__EXERCISE OBJECTIVE__. All lines from the one with "- net GND: track 92.1" through the close of the records below are to be set down exactly, and no others.

Records excerpted from a collection
::::::::::
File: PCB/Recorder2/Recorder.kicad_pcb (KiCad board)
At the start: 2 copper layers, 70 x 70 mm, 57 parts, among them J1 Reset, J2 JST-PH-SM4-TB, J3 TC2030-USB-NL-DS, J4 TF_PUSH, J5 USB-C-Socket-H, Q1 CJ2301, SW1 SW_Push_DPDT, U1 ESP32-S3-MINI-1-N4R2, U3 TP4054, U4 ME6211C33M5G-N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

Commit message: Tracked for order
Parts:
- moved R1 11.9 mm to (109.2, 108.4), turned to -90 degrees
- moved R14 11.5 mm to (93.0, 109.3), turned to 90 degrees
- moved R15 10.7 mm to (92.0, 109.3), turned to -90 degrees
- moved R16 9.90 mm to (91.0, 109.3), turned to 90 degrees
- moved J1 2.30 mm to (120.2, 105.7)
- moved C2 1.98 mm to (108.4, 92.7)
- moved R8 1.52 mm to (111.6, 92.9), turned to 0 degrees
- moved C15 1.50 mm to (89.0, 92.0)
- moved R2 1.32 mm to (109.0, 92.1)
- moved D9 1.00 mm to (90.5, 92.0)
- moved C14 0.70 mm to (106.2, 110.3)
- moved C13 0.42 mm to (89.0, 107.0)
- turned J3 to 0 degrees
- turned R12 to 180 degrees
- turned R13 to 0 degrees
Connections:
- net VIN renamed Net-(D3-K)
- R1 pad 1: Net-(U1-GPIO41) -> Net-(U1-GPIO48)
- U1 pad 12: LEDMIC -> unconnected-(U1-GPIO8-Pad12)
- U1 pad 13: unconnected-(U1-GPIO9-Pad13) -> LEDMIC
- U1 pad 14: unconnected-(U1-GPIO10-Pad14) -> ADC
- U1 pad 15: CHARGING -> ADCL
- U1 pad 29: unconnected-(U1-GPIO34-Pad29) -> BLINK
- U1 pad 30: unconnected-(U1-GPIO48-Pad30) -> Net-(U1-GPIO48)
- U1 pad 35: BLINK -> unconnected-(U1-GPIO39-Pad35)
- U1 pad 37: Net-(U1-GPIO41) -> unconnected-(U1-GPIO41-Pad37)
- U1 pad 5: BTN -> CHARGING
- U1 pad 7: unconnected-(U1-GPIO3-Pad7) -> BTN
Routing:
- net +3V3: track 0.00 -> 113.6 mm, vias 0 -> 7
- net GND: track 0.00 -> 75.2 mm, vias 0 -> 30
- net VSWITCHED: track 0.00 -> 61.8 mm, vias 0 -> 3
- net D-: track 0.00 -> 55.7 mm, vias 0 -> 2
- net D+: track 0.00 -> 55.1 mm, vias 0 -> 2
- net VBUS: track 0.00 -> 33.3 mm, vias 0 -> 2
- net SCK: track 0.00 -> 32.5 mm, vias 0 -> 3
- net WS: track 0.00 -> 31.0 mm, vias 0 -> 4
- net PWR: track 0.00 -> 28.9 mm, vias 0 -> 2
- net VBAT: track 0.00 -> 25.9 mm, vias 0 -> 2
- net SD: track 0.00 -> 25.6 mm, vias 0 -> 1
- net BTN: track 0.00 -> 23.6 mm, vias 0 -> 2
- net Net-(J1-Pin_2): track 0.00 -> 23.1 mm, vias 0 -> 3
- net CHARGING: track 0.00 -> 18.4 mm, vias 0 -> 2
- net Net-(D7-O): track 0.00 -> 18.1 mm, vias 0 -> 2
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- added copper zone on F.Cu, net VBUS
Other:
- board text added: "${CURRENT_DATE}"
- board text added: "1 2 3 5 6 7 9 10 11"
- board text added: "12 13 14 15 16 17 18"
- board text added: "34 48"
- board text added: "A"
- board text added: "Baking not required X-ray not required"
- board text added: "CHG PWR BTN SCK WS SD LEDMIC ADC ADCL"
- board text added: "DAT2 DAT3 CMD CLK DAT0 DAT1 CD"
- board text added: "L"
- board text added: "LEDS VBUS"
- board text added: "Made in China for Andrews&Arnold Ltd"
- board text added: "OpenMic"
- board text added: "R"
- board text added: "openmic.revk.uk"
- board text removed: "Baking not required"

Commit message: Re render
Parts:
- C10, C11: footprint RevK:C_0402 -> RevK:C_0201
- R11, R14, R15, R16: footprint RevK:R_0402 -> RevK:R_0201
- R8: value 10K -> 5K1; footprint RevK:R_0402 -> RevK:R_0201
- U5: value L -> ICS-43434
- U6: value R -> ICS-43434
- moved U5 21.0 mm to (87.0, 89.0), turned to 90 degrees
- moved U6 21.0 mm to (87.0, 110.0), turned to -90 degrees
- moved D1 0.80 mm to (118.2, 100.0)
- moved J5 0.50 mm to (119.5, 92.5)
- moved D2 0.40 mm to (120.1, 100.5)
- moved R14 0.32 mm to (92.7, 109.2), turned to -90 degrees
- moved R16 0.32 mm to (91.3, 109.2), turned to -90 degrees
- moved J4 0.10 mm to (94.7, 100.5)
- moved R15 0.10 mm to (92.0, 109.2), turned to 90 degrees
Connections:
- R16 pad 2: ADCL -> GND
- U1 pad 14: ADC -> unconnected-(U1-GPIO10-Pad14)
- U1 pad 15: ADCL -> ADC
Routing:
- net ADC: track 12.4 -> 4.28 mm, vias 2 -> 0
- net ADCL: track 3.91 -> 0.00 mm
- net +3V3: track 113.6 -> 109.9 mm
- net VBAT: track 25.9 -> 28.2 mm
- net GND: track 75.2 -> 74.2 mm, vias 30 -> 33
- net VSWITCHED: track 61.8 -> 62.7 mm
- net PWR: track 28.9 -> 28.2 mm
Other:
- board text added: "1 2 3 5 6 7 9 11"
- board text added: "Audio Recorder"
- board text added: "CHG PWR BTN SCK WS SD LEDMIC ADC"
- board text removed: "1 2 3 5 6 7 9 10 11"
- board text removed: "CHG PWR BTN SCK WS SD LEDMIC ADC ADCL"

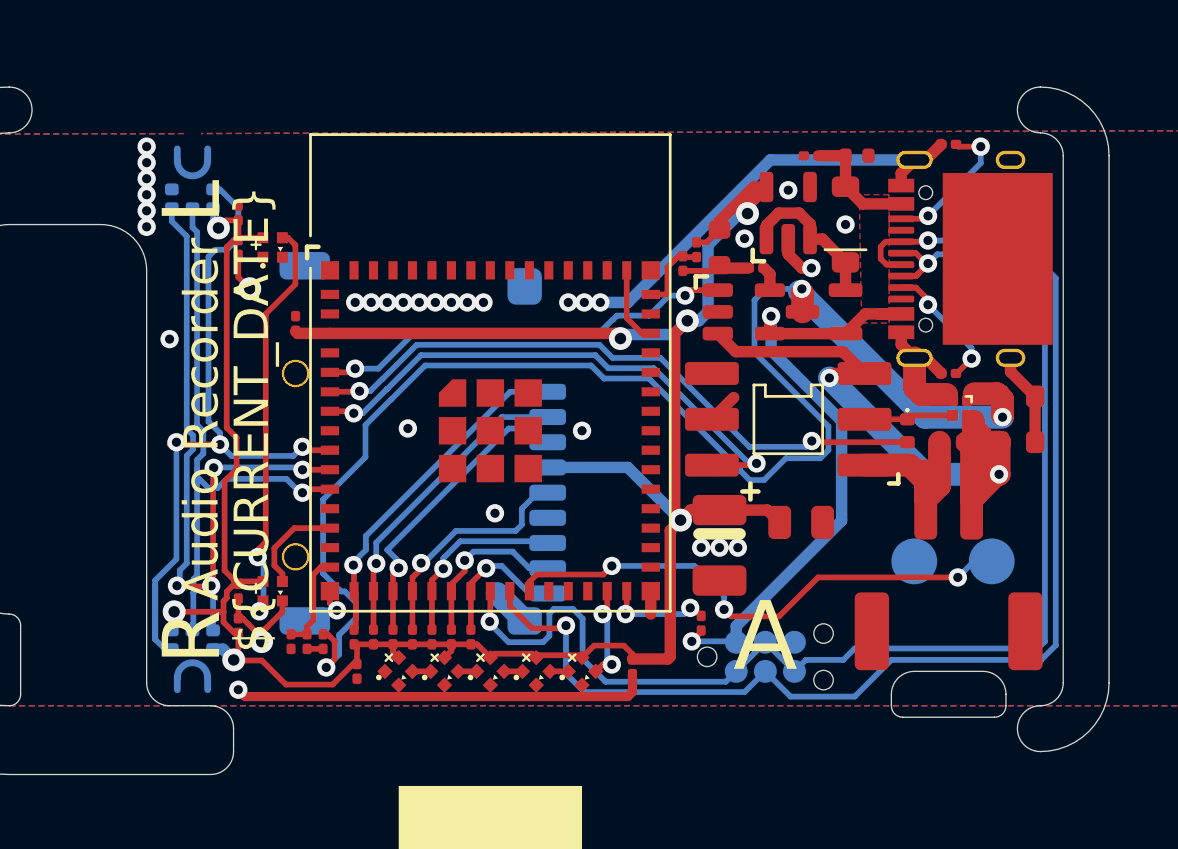
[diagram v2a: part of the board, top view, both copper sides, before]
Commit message: Layout tweaks
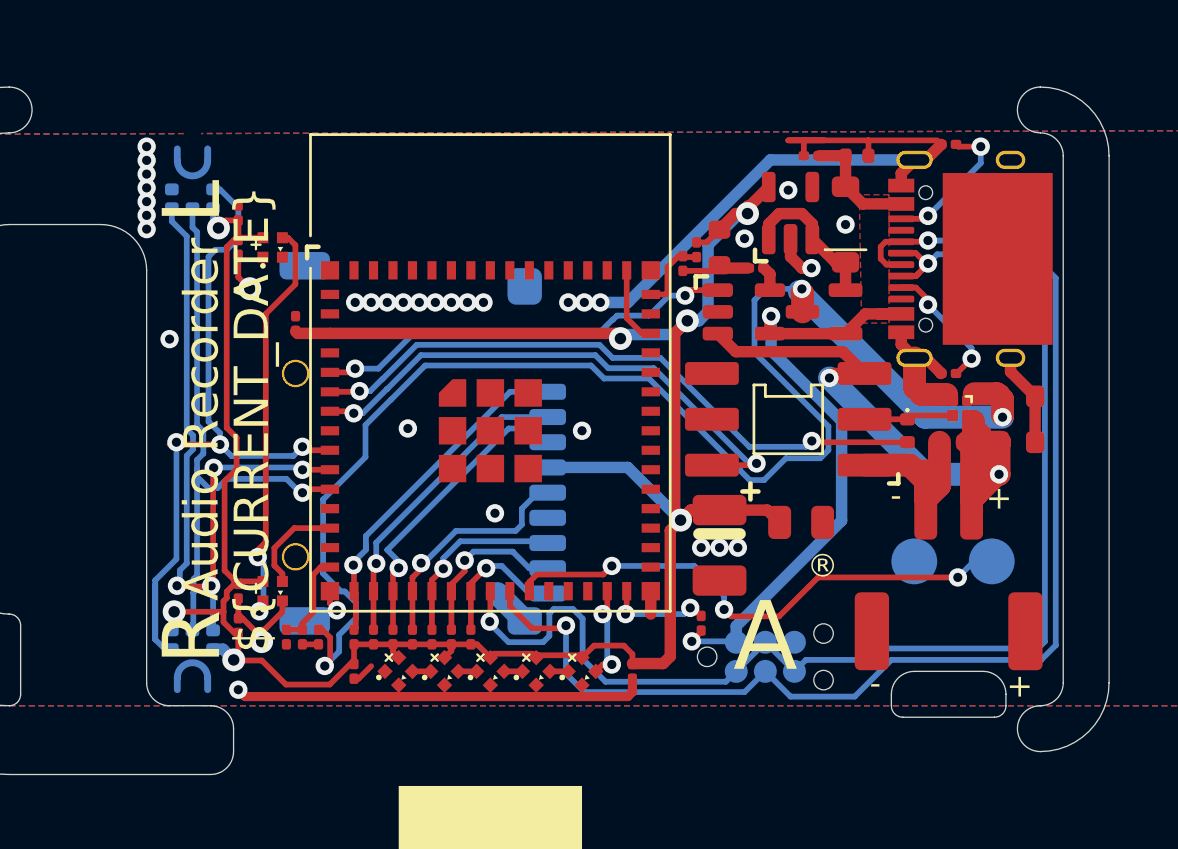
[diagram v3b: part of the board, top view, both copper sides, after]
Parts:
- U2: value ~ -> TPS22916CNYFPR
- moved R14 0.28 mm to (92.5, 109.0)
- moved R15 0.28 mm to (91.8, 109.0)
- moved R16 0.28 mm to (91.1, 109.0)
- moved C14 0.20 mm to (106.2, 110.5)
- moved C12 0.13 mm to (94.0, 110.5)
- moved U4 0.10 mm to (113.1, 90.5)
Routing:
- net GND: track 74.2 -> 83.0 mm, vias 33 -> 34
- net +3V3: track 109.9 -> 108.7 mm
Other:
- board text added: "+"
- board text added: "-"
- board text added: "21"
- board text added: "®"

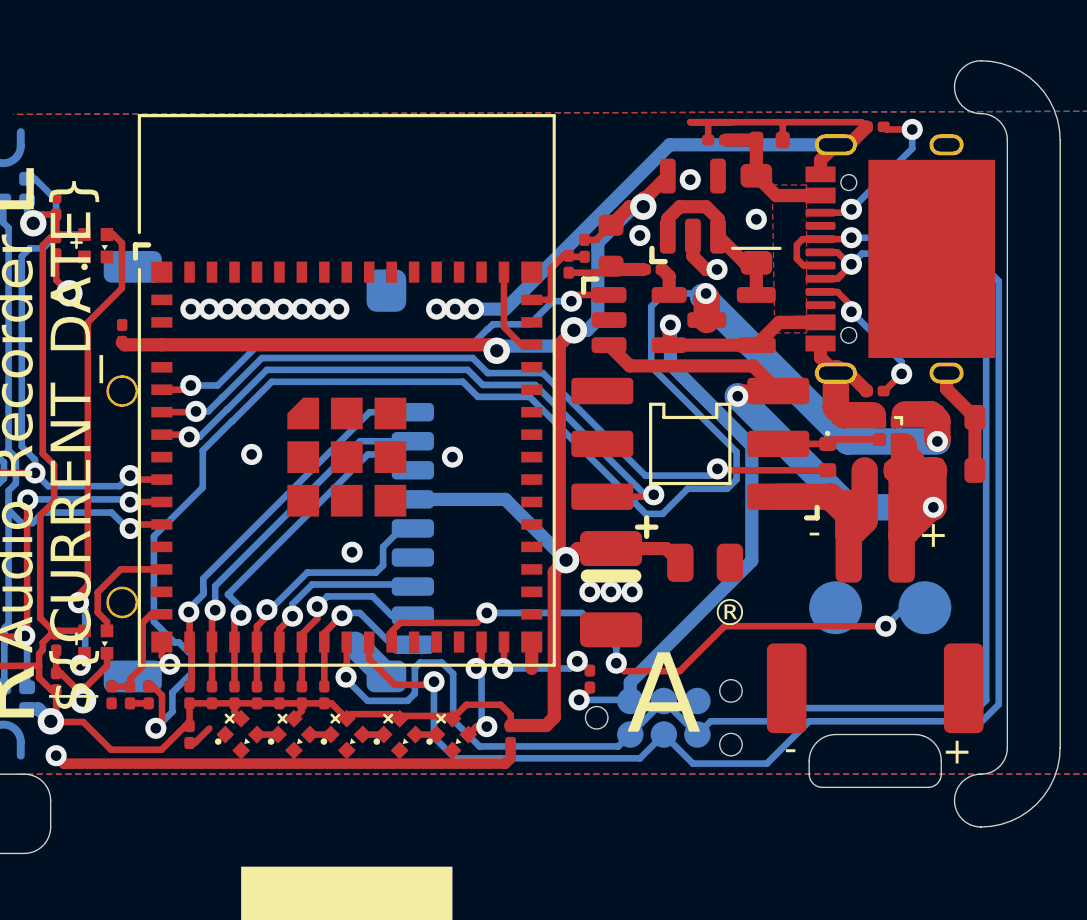
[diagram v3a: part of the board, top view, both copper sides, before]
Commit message: Moved GPIOs around a bit
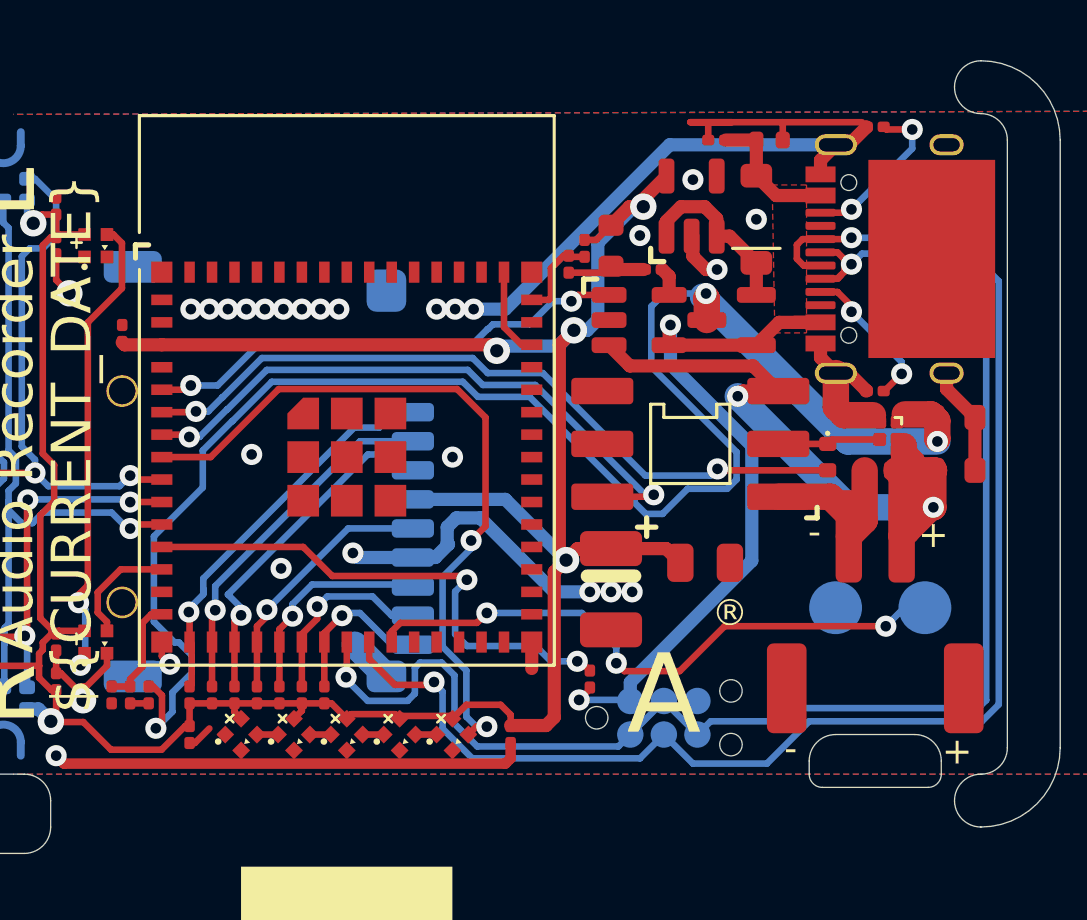
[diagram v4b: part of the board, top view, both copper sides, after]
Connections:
- R1 pad 1: Net-(U1-GPIO48) -> Net-(U1-GPIO8)
- U1 pad 12: unconnected-(U1-GPIO8-Pad12) -> Net-(U1-GPIO8)
- U1 pad 29: BLINK -> unconnected-(U1-GPIO34-Pad29)
- U1 pad 30: Net-(U1-GPIO48) -> unconnected-(U1-GPIO48-Pad30)
- U1 pad 8: unconnected-(U1-GPIO4-Pad8) -> BLINK
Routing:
- net BLINK: track 4.27 -> 27.9 mm
- net Net-(U1-GPIO8): track 0.00 -> 20.0 mm, vias 0 -> 2
- net GND: track 83.0 -> 92.1 mm, vias 34 -> 35
- net Net-(U1-GPIO48): track 4.58 -> 0.00 mm, vias 2 -> 0
- net Net-(J1-Pin_2): track 23.1 -> 22.3 mm
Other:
- board text added: "4 8"
- board text removed: "34 48"

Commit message: Tidy
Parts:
- removed J2: JST-PH-SM4-TB, RevK:JST_PH_S2B-PH-SM4-TB_1x02-1MP_P2.00mm_Horizontal
- added J6: Battery, RevK:1.25T-2PWT (Molex 532610271), F.Cu at (120.2, 107.0)
- moved U5 0.50 mm to (87.5, 89.0)
- moved U6 0.50 mm to (87.5, 110.0)
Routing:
- net GND: track 92.1 -> 86.4 mm, vias 35 -> 36
- net WS: track 31.0 -> 25.7 mm
- net SCK: track 32.5 -> 29.5 mm
- net VBAT: track 28.2 -> 31.1 mm
- net Net-(J1-Pin_2): track 22.3 -> 24.4 mm

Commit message: Twqeak
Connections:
- SW1 pad 1: GND -> unconnected-(SW1-A-Pad1)

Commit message: beep bug
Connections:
- net VBAT renamed VBATCHG
::::::::::
__ANSWER TO THIS EXERCISE__.
- net GND: track 92.1 -> 86.4 mm, vias 35 -> 36
- net WS: track 31.0 -> 25.7 mm
- net SCK: track 32.5 -> 29.5 mm
- net VBAT: track 28.2 -> 31.1 mm
- net Net-(J1-Pin_2): track 22.3 -> 24.4 mm

Commit message: Twqeak
Connections:
- SW1 pad 1: GND -> unconnected-(SW1-A-Pad1)

Commit message: beep bug
Connections:
- net VBAT renamed VBATCHG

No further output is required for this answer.